Dataset items:
*-*-*

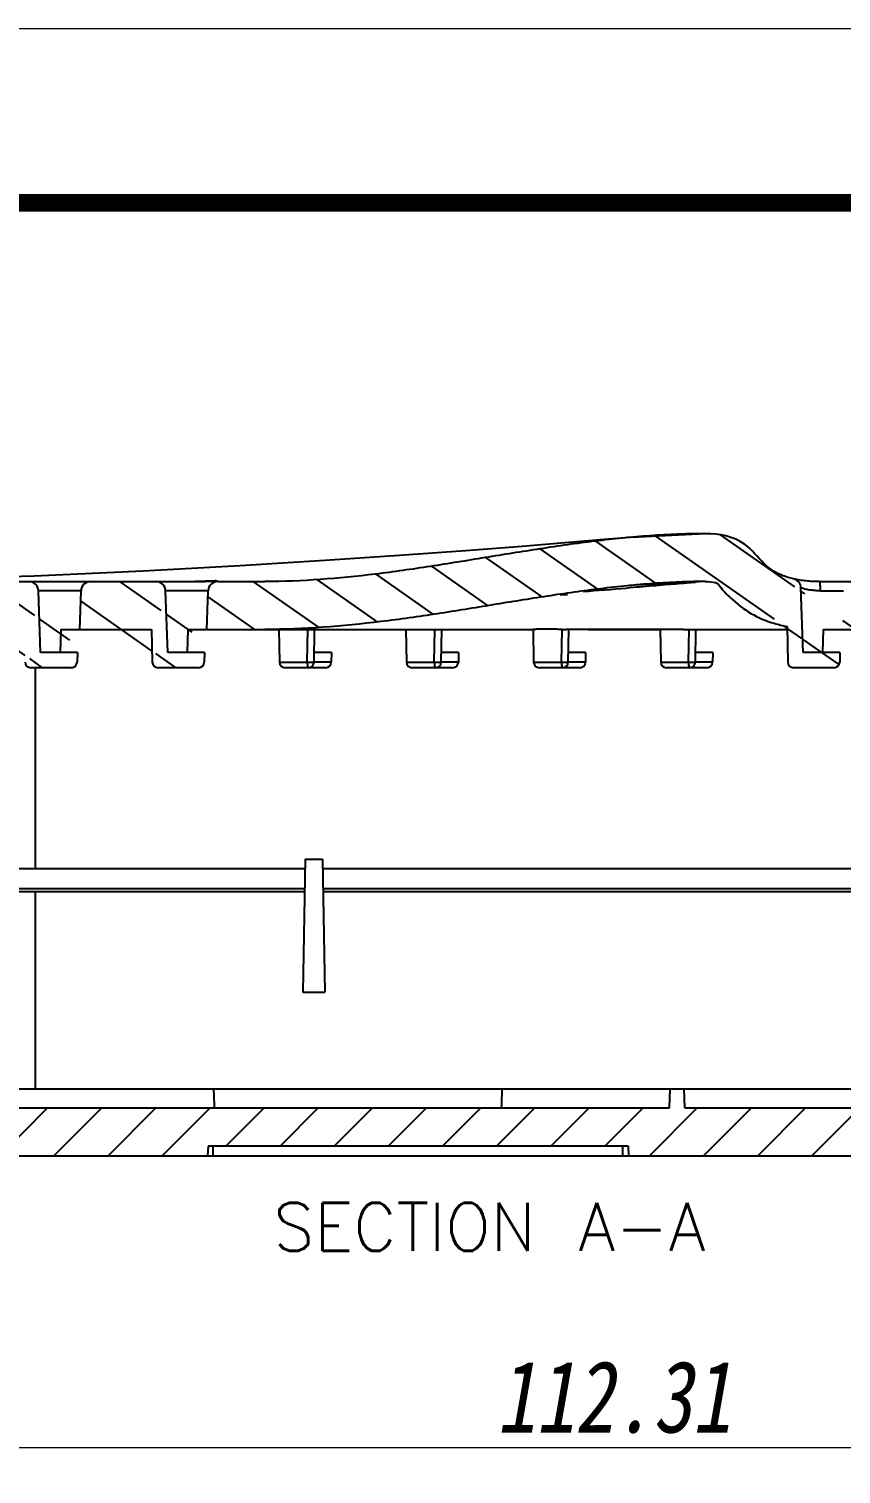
# Model space of a CAD drawing. Header units: millimetres. Extents: x 2099 to 2627, y -288 to 79.
# Drawn here: x 2435 to 2477.4, y 3.2 to 78.7 of the extents above; entities that cross this region are included whole.
import ezdxf
from ezdxf.enums import TextEntityAlignment as Align

# ---------------------------------------------------------------- set-up
doc = ezdxf.new("R2010")
doc.units = ezdxf.units.MM
doc.layers.add('06___PRT_ALL_SURFS', color=7, linetype='Continuous')
for name, color, linetype, lineweight in [('dim', 82, 'Continuous', 9), ('from', 7, 'Continuous', 13), ('hatch', 56, 'Continuous', 9)]:
    doc.layers.add(name, color=color, linetype=linetype, lineweight=lineweight)
doc.styles.add('wuwei', font='SimSun.ttf', dxfattribs={"width": 0.8, "oblique": 10})
doc.styles.add('样式 1', font='txt.shx')
doc.dimstyles.new('wuwei', dxfattribs={"dimscale": 1.5, "dimtxt": 2.5, "dimasz": 1.5, "dimexe": 0.3, "dimexo": 0.3, "dimgap": 0.5, "dimtad": 1, "dimdsep": 46, "dimtxsty": 'wuwei', "dimcen": 0, "dimclrd": 42, "dimclre": 256, "dimclrt": 256, "dimazin": 2, "dimtfac": 1, "dimtofl": 0, "dimtmove": 0, "dimatfit": 3, "dimfxl": 1, "dimlwd": 5, "dimlwe": 5, "dimarcsym": 0})

# ---------------------------------------------------------------- blocks, each defined once
blk = doc.blocks.new('*D12')
at = {"layer": 'Defpoints', "color": 0}
for p in [(2409.389, 21.296), (2521.694, 17.296), (2521.694, 4.559)]:
    blk.add_point(p, dxfattribs=at)
at = {"layer": 'dim', "color": 82, "lineweight": 5, "true_color": 0x35c922}
for p, q in [((2409.389, 20.547), (2409.389, 3.81)), ((2521.694, 16.547), (2521.694, 3.81))]:
    blk.add_line(p, q, dxfattribs=at)
at = {"layer": 'dim', "color": 42, "lineweight": 5}
blk.add_line((2412.389, 4.559), (2518.694, 4.559), dxfattribs=at)
at = {"layer": 'dim', "color": 42}
for points in [[(2412.389, 5.059), (2412.389, 4.059), (2409.389, 4.559)], [(2518.694, 5.059), (2518.694, 4.059), (2521.694, 4.559)]]:
    blk.add_solid(points, dxfattribs=at)
at = {"layer": 'dim', "color": 82, "true_color": 0x4bd605, "insert": (2465.542, 7.184), "char_height": 3.75, "attachment_point": 5, "style": 'wuwei'}
blk.add_mtext('112.31', dxfattribs=at)

msp = doc.modelspace()

# ---------------------------------------------------------------- hatches: boundary and pattern name
at = {"linetype": 'Continuous'}
h = msp.add_hatch(dxfattribs=at)
h.set_pattern_fill('DEFAULT__5', color=2, scale=2, angle=325, style=0, pattern_type=0)
h.set_pattern_definition([(325, (1952.1431, -492.6406), (1.147153, 1.638304), [])])
edge = h.paths.add_edge_path()
edge.add_line((2406.356, 49.796), (2421.709, 49.796))
edge.add_arc((2421.709, 49.296), 0.5, 2.00447, 90.00237)
edge.add_line((2422.322, 46.096), (2422.209, 49.314))
edge.add_line((2424.242, 46.096), (2422.322, 46.096))
edge.add_line((2424.242, 46.096), (2424.229, 45.589))
edge.add_arc((2423.929, 45.596), 0.3, 269.98712, 358.49131)
edge.add_line((2423.929, 45.296), (2421.814, 45.296))
edge.add_arc((2421.814, 45.596), 0.3, 181.50263, 270.00174)
edge.add_line((2421.469, 47.296), (2421.514, 45.589))
edge.add_line((2411.475, 47.296), (2421.469, 47.296))
edge.add_line((2411.475, 47.296), (2411.449, 46.796))
edge.add_line((2410.423, 46.296), (2411.449, 46.796))
edge.add_line((2410.423, 46.296), (2409.44, 46.296))
edge.add_line((2409.423, 47.296), (2409.44, 46.296))
edge.add_line((2409.423, 47.296), (2409.389, 48.296))
edge.add_line((2407.239, 48.296), (2409.389, 48.296))
edge.add_line((2407.213, 46.796), (2407.239, 48.296))
edge.add_line((2407.213, 46.796), (2405.321, 46.796))
edge.add_line((2405.357, 48.814), (2405.321, 46.796))
edge.add_spline(control_points=[(2406.356, 49.796), (2405.779, 49.796), (2405.367, 49.392), (2405.357, 48.814)], knot_values=[0, 0, 0, 0, 1, 1, 1, 1], weights=[1, 0.808834, 0.808834, 1], degree=3, periodic=0)
edge = h.paths.add_edge_path()
edge.add_line((2424.933, 49.796), (2428.349, 49.796))
edge.add_arc((2428.349, 49.296), 0.5, 2.00447, 90.00237)
edge.add_line((2428.962, 46.096), (2428.849, 49.314))
edge.add_line((2430.882, 46.096), (2428.962, 46.096))
edge.add_line((2430.882, 46.096), (2430.869, 45.589))
edge.add_arc((2430.569, 45.596), 0.3, 269.98712, 358.49131)
edge.add_line((2430.569, 45.296), (2428.454, 45.296))
edge.add_arc((2428.454, 45.596), 0.3, 181.50263, 270.00174)
edge.add_line((2428.109, 47.296), (2428.154, 45.589))
edge.add_line((2424.363, 47.296), (2428.109, 47.296))
edge.add_line((2424.363, 47.296), (2424.433, 49.314))
edge.add_arc((2424.933, 49.296), 0.5, 89.99763, 177.99553)
edge = h.paths.add_edge_path()
edge.add_line((2431.573, 49.796), (2434.989, 49.796))
edge.add_arc((2434.989, 49.296), 0.5, 2.00447, 90.00237)
edge.add_line((2435.602, 46.096), (2435.489, 49.314))
edge.add_line((2437.522, 46.096), (2435.602, 46.096))
edge.add_line((2437.522, 46.096), (2437.509, 45.589))
edge.add_arc((2437.209, 45.596), 0.3, 269.98712, 358.49131)
edge.add_line((2437.209, 45.296), (2435.094, 45.296))
edge.add_arc((2435.094, 45.596), 0.3, 181.50263, 270.00174)
edge.add_line((2434.749, 47.296), (2434.794, 45.589))
edge.add_line((2431.003, 47.296), (2434.749, 47.296))
edge.add_line((2431.003, 47.296), (2431.073, 49.314))
edge.add_arc((2431.573, 49.296), 0.5, 89.99763, 177.99553)
edge = h.paths.add_edge_path()
edge.add_line((2438.213, 49.796), (2441.629, 49.796))
edge.add_arc((2441.629, 49.296), 0.5, 2.00447, 90.00237)
edge.add_line((2442.242, 46.096), (2442.129, 49.314))
edge.add_line((2444.162, 46.096), (2442.242, 46.096))
edge.add_line((2444.162, 46.096), (2444.149, 45.589))
edge.add_arc((2443.849, 45.596), 0.3, 269.98712, 358.49131)
edge.add_line((2443.849, 45.296), (2441.734, 45.296))
edge.add_arc((2441.734, 45.596), 0.3, 181.50263, 270.00174)
edge.add_line((2441.389, 47.296), (2441.434, 45.589))
edge.add_line((2437.643, 47.296), (2441.389, 47.296))
edge.add_line((2437.643, 47.296), (2437.713, 49.314))
edge.add_arc((2438.213, 49.296), 0.5, 89.99763, 177.99553)
edge = h.paths.add_edge_path()
edge.add_line((2444.853, 49.796), (2447.321, 49.796))
edge.add_spline(control_points=[(2470.321, 52.296), (2470.291, 52.296), (2470.231, 52.296), (2470.11, 52.296), (2469.9, 52.294), (2469.599, 52.29), (2469.238, 52.281), (2468.757, 52.265), (2468.156, 52.237), (2467.195, 52.176), (2465.996, 52.072), (2464.558, 51.911), (2463.123, 51.72), (2461.21, 51.437), (2458.821, 51.046), (2455.955, 50.578), (2452.128, 50.031), (2449.249, 49.796), (2447.321, 49.796)], knot_values=[0, 0, 0, 0, 0.003906, 0.007812, 0.015625, 0.03125, 0.046875, 0.0625, 0.09375, 0.125, 0.1875, 0.25, 0.3125, 0.375, 0.5, 0.625, 0.75, 1, 1, 1, 1], degree=3, periodic=0)
edge.add_spline(control_points=[(2474.934, 49.936), (2474.836, 49.959), (2474.611, 50.017), (2474.282, 50.134), (2473.842, 50.347), (2473.209, 50.849), (2472.545, 51.837), (2471.327, 52.296), (2470.321, 52.296)], knot_values=[0, 0, 0, 0, 0.059229, 0.137627, 0.216024, 0.372819, 0.68641, 1, 1, 1, 1], degree=3, periodic=0)
edge.add_arc((2474.824, 49.448), 0.5, 2.00397, 77.25396)
edge.add_line((2475.442, 46.096), (2475.324, 49.466))
edge.add_line((2477.355, 46.096), (2475.442, 46.096))
edge.add_line((2477.355, 46.096), (2477.346, 45.591))
edge.add_arc((2477.046, 45.596), 0.3, 269.98692, 358.99135)
edge.add_line((2477.046, 45.296), (2474.936, 45.296))
edge.add_arc((2474.936, 45.596), 0.3, 181.00262, 270.00177)
edge.add_line((2474.604, 47.45), (2474.636, 45.591))
edge.add_spline(control_points=[(2470.321, 49.796), (2470.633, 49.796), (2470.949, 49.717), (2470.893, 49.74), (2471.021, 49.645), (2471.527, 49.003), (2472.702, 48.054), (2473.749, 47.645), (2474.377, 47.494), (2474.604, 47.45)], knot_values=[0, 0, 0, 0, 0.152262, 0.304525, 0.456787, 0.60905, 0.761312, 0.913574, 1, 1, 1, 1], degree=3, periodic=0)
edge.add_spline(control_points=[(2470.321, 49.796), (2470.293, 49.796), (2470.237, 49.796), (2470.125, 49.796), (2469.929, 49.794), (2469.648, 49.79), (2469.31, 49.782), (2468.859, 49.766), (2468.293, 49.74), (2467.384, 49.681), (2466.242, 49.582), (2464.861, 49.427), (2463.469, 49.243), (2461.598, 48.967), (2459.229, 48.581), (2456.336, 48.106), (2452.408, 47.543), (2449.376, 47.296), (2447.312, 47.296)], knot_values=[0, 0, 0, 0, 0.003906, 0.007812, 0.015625, 0.03125, 0.046875, 0.0625, 0.09375, 0.125, 0.1875, 0.25, 0.3125, 0.375, 0.5, 0.625, 0.75, 1, 1, 1, 1], degree=3, periodic=0)
edge.add_line((2444.283, 47.296), (2447.312, 47.296))
edge.add_line((2444.283, 47.296), (2444.353, 49.314))
edge.add_arc((2444.853, 49.296), 0.5, 89.99763, 177.99553)
edge = h.paths.add_edge_path()
edge.add_line((2478.053, 49.796), (2481.469, 49.796))
edge.add_arc((2481.469, 49.296), 0.5, 2.00447, 90.00237)
edge.add_line((2482.082, 46.096), (2481.969, 49.314))
edge.add_line((2483.995, 46.096), (2482.082, 46.096))
edge.add_line((2483.995, 46.096), (2483.986, 45.591))
edge.add_arc((2483.686, 45.596), 0.3, 269.98692, 358.99135)
edge.add_line((2483.686, 45.296), (2481.576, 45.296))
edge.add_arc((2481.576, 45.596), 0.3, 181.00262, 270.00177)
edge.add_line((2481.247, 47.296), (2481.276, 45.591))
edge.add_line((2477.483, 47.296), (2481.247, 47.296))
edge.add_line((2477.483, 47.296), (2477.553, 49.314))
edge.add_arc((2478.053, 49.296), 0.5, 89.99763, 177.99553)
edge = h.paths.add_edge_path()
edge.add_spline(control_points=[(2485.321, 49.796), (2493.581, 49.796), (2501.483, 47.394), (2508.344, 42.796)], knot_values=[0, 0, 0, 0, 1, 1, 1, 1], weights=[1, 0.97117, 0.97117, 1], degree=3, periodic=0)
edge.add_line((2508.38, 38.717), (2508.344, 42.796))
edge.add_spline(control_points=[(2508.002, 39.001), (2508.128, 38.907), (2508.254, 38.812), (2508.38, 38.717)], knot_values=[0, 0, 0, 0, 1, 1, 1, 1], weights=[1, 0.999987, 0.999987, 1], degree=3, periodic=0)
edge.add_line((2506.359, 41.11), (2508.002, 39.001))
edge.add_spline(control_points=[(2485.321, 47.296), (2492.834, 47.296), (2500.042, 45.177), (2506.359, 41.11)], knot_values=[0, 0, 0, 0, 1, 1, 1, 1], weights=[1, 0.972916, 0.972916, 1], degree=3, periodic=0)
edge.add_line((2484.123, 47.296), (2485.321, 47.296))
edge.add_line((2484.123, 47.296), (2484.193, 49.314))
edge.add_arc((2484.693, 49.296), 0.5, 89.99763, 177.99553)
edge.add_line((2484.693, 49.796), (2485.321, 49.796))
edge = h.paths.add_edge_path()
edge.add_spline(control_points=[(2517.995, 33.796), (2520.86, 30.105), (2523.065, 25.985), (2524.547, 21.554)], knot_values=[0, 0, 0, 0, 1, 1, 1, 1], weights=[1, 0.990541, 0.990541, 1], degree=3, periodic=0)
edge.add_line((2524.547, 21.554), (2526.366, 16.114))
edge.add_spline(control_points=[(2526.366, 16.114), (2526.604, 15.404), (2526.166, 14.796), (2525.418, 14.796)], knot_values=[0, 0, 0, 0, 1, 1, 1, 1], weights=[1, 0.72287, 0.72287, 1], degree=3, periodic=0)
edge.add_line((2524.171, 14.796), (2525.418, 14.796))
edge.add_line((2523.369, 17.192), (2524.171, 14.796))
edge.add_line((2523.335, 19.171), (2523.369, 17.192))
edge.add_line((2523.335, 19.171), (2523.009, 19.496))
edge.add_line((2523.009, 19.496), (2521.629, 19.496))
edge.add_line((2521.629, 19.496), (2521.6, 17.796))
edge.add_line((2521.6, 17.796), (2520.129, 17.796))
edge.add_line((2520.129, 17.796), (2519.986, 26.001))
edge.add_line((2519.928, 26.115), (2519.986, 26.001))
edge.add_line((2519.928, 26.115), (2517.993, 27.96))
edge.add_line((2517.945, 28.041), (2517.993, 27.96))
edge.add_line((2517.945, 28.041), (2517.995, 33.796))
h = msp.add_hatch(dxfattribs=at)
h.set_pattern_fill('DEFAULT__4', color=2, scale=2, angle=45, style=0, pattern_type=0)
h.set_pattern_definition([(45, (1952.1431, -492.6406), (-1.4142136, 1.4142136), [])])
edge = h.paths.add_edge_path()
edge.add_spline(control_points=[(2485.321, 19.796), (2488.989, 19.796), (2492.264, 18.147), (2494.448, 15.201)], knot_values=[0, 0, 0, 0, 1, 1, 1, 1], weights=[1, 0.92878, 0.92878, 1], degree=3, periodic=0)
edge.add_line((2466.321, 19.796), (2485.321, 19.796))
edge.add_line((2466.295, 20.296), (2466.321, 19.796))
edge.add_line((2466.295, 20.296), (2444.348, 20.296))
edge.add_line((2444.348, 20.296), (2444.321, 19.796))
edge.add_line((2406.356, 19.796), (2444.321, 19.796))
edge.add_spline(control_points=[(2406.356, 19.796), (2405.779, 19.796), (2405.367, 20.201), (2405.357, 20.779)], knot_values=[0, 0, 0, 0, 1, 1, 1, 1], weights=[1, 0.808834, 0.808834, 1], degree=3, periodic=0)
edge.add_line((2405.357, 20.779), (2405.321, 22.796))
edge.add_line((2407.199, 22.796), (2405.321, 22.796))
edge.add_line((2407.199, 22.796), (2407.239, 21.296))
edge.add_line((2407.239, 21.296), (2409.389, 21.296))
edge.add_line((2409.441, 23.296), (2409.389, 21.296))
edge.add_line((2410.889, 23.296), (2409.441, 23.296))
edge.add_line((2410.889, 23.296), (2411.889, 22.336))
edge.add_line((2411.889, 22.296), (2411.889, 22.336))
edge.add_line((2411.889, 22.296), (2426.457, 22.296))
edge.add_line((2426.457, 22.296), (2426.492, 23.296))
edge.add_line((2426.492, 23.296), (2427.222, 23.296))
edge.add_line((2427.257, 22.296), (2427.222, 23.296))
edge.add_line((2427.257, 22.296), (2468.457, 22.296))
edge.add_line((2468.457, 22.296), (2468.492, 23.296))
edge.add_line((2468.492, 23.296), (2469.222, 23.296))
edge.add_line((2469.257, 22.296), (2469.222, 23.296))
edge.add_line((2469.257, 22.296), (2485.321, 22.296))
edge.add_spline(control_points=[(2485.321, 22.296), (2489.51, 22.296), (2493.302, 20.518), (2495.98, 17.296)], knot_values=[0, 0, 0, 0, 1, 1, 1, 1], weights=[1, 0.936893, 0.936893, 1], degree=3, periodic=0)
edge.add_line((2521.694, 17.296), (2495.98, 17.296))
edge.add_line((2521.694, 17.296), (2521.724, 18.991))
edge.add_line((2522.029, 19.296), (2521.724, 18.991))
edge.add_line((2522.929, 19.296), (2522.029, 19.296))
edge.add_line((2522.929, 19.296), (2523.199, 19.027))
edge.add_line((2523.229, 17.296), (2523.199, 19.027))
edge.add_line((2523.229, 17.296), (2524.065, 14.796))
edge.add_line((2495.252, 14.796), (2524.065, 14.796))
edge.add_spline(control_points=[(2494.448, 15.201), (2494.641, 14.942), (2494.929, 14.796), (2495.252, 14.796)], knot_values=[0, 0, 0, 0, 1, 1, 1, 1], weights=[1, 0.92878, 0.92878, 1], degree=3, periodic=0)

# ---------------------------------------------------------------- linework, layer by layer
at = {"color": 7, "linetype": 'Continuous'}
for p, q in [((2470.321, 52.296), (2466.49, 52.1)), ((2435.257, 50.085), (2429.966, 49.907)), ((2406.356, 49.796), (2444.184, 49.796)), ((2437.713, 49.314), (2435.489, 49.314)), ((2435.602, 46.096), (2435.489, 49.314)), ((2435.602, 46.096), (2435.489, 49.314)), ((2437.643, 47.296), (2437.713, 49.314)), ((2437.643, 47.296), (2437.713, 49.314)), ((2438.213, 49.796), (2441.629, 49.796)), ((2444.353, 49.314), (2442.129, 49.314)), ((2442.242, 46.096), (2442.129, 49.314)), ((2442.242, 46.096), (2442.129, 49.314)), ((2444.283, 47.296), (2444.353, 49.314)), ((2444.283, 47.296), (2444.353, 49.314)), ((2444.853, 49.796), (2447.321, 49.796)), ((2444.853, 49.796), (2447.321, 49.796)), ((2462.75, 49.103), (2463.118, 49.129)), ((2466.736, 49.498), (2466.202, 49.456)), ((2470.321, 49.796), (2466.727, 49.609)), ((2468.204, 49.618), (2468.071, 49.607)), ((2468.503, 49.642), (2468.204, 49.618)), ((2469.805, 49.752), (2469.356, 49.714)), ((2475.442, 46.096), (2475.324, 49.466)), ((2475.442, 46.096), (2475.324, 49.466)), ((2476.275, 49.796), (2485.321, 49.796)), ((2476.328, 49.314), (2477.553, 49.314)), ((2436.654, 47.296), (2436.622, 46.096)), ((2436.654, 47.296), (2441.389, 47.296)), ((2437.643, 47.296), (2441.389, 47.296)), ((2441.389, 47.296), (2441.434, 45.589)), ((2441.389, 47.296), (2441.434, 45.589)), ((2443.294, 47.296), (2443.262, 46.096)), ((2443.294, 47.296), (2444.246, 47.296)), ((2444.283, 47.296), (2461.338, 47.296)), ((2444.283, 47.296), (2447.312, 47.296)), ((2448.046, 47.296), (2448.076, 45.591)), ((2449.528, 45.591), (2449.564, 47.296)), ((2449.886, 45.591), (2449.916, 47.296)), ((2454.686, 47.296), (2454.716, 45.591)), ((2456.168, 45.591), (2456.204, 47.296)), ((2456.526, 45.591), (2456.556, 47.296)), ((2461.326, 47.296), (2461.356, 45.591)), ((2462.808, 45.591), (2462.845, 47.298)), ((2467.984, 47.296), (2463.06, 47.296)), ((2463.166, 45.591), (2463.196, 47.296)), ((2467.966, 47.296), (2467.996, 45.591)), ((2469.19, 47.296), (2474.606, 47.296)), ((2469.448, 45.591), (2469.484, 47.296)), ((2469.806, 45.591), (2469.836, 47.296)), ((2474.604, 47.45), (2474.636, 45.591)), ((2474.604, 47.45), (2474.636, 45.591)), ((2476.476, 47.296), (2476.455, 46.096)), ((2476.476, 47.296), (2481.247, 47.296)), ((2437.522, 46.096), (2435.602, 46.096)), ((2437.522, 46.096), (2435.602, 46.096)), ((2437.522, 46.096), (2437.509, 45.589)), ((2437.522, 46.096), (2437.509, 45.589)), ((2444.162, 46.096), (2442.242, 46.096)), ((2444.162, 46.096), (2442.242, 46.096)), ((2444.162, 46.096), (2444.149, 45.589)), ((2444.162, 46.096), (2444.149, 45.589)), ((2450.795, 46.096), (2449.895, 46.096)), ((2450.795, 46.096), (2450.786, 45.591)), ((2457.435, 46.096), (2456.535, 46.096)), ((2457.435, 46.096), (2457.426, 45.591)), ((2464.075, 46.096), (2463.175, 46.096)), ((2464.075, 46.096), (2464.066, 45.591)), ((2470.715, 46.096), (2469.815, 46.096)), ((2470.715, 46.096), (2470.706, 45.591)), ((2477.355, 46.096), (2475.442, 46.096)), ((2477.355, 46.096), (2475.442, 46.096)), ((2477.355, 46.096), (2477.346, 45.591)), ((2477.355, 46.096), (2477.346, 45.591)), ((2448.076, 45.591), (2449.528, 45.591)), ((2450.786, 45.591), (2449.886, 45.591)), ((2454.716, 45.591), (2456.168, 45.591)), ((2457.426, 45.591), (2456.526, 45.591)), ((2461.356, 45.591), (2462.808, 45.591)), ((2464.066, 45.591), (2463.166, 45.591)), ((2467.996, 45.591), (2469.448, 45.591)), ((2470.706, 45.591), (2469.806, 45.591)), ((2437.209, 45.296), (2435.094, 45.296)), ((2437.209, 45.296), (2435.094, 45.296)), ((2435.321, 45.296), (2435.321, 34.796)), ((2443.849, 45.296), (2441.734, 45.296)), ((2443.849, 45.296), (2441.734, 45.296)), ((2450.487, 45.296), (2448.376, 45.296)), ((2457.127, 45.296), (2455.016, 45.296)), ((2463.767, 45.296), (2461.656, 45.296)), ((2470.407, 45.296), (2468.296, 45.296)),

*-*-*

Task item: Scan the entries above for the string "color" and copy each line that contains it.

Solved problem:
doc.layers.add('06___PRT_ALL_SURFS', color=7, linetype='Continuous')
for name, color, linetype, lineweight in [('dim', 82, 'Continuous', 9), ('from', 7, 'Continuous', 13), ('hatch', 56, 'Continuous', 9)]:
    doc.layers.add(name, color=color, linetype=linetype, lineweight=lineweight)
at = {"layer": 'Defpoints', "color": 0}
at = {"layer": 'dim', "color": 82, "lineweight": 5, "true_color": 0x35c922}
at = {"layer": 'dim', "color": 42, "lineweight": 5}
at = {"layer": 'dim', "color": 42}
at = {"layer": 'dim', "color": 82, "true_color": 0x4bd605, "insert": (2465.542, 7.184), "char_height": 3.75, "attachment_point": 5, "style": 'wuwei'}
h.set_pattern_fill('DEFAULT__5', color=2, scale=2, angle=325, style=0, pattern_type=0)
h.set_pattern_fill('DEFAULT__4', color=2, scale=2, angle=45, style=0, pattern_type=0)
at = {"color": 7, "linetype": 'Continuous'}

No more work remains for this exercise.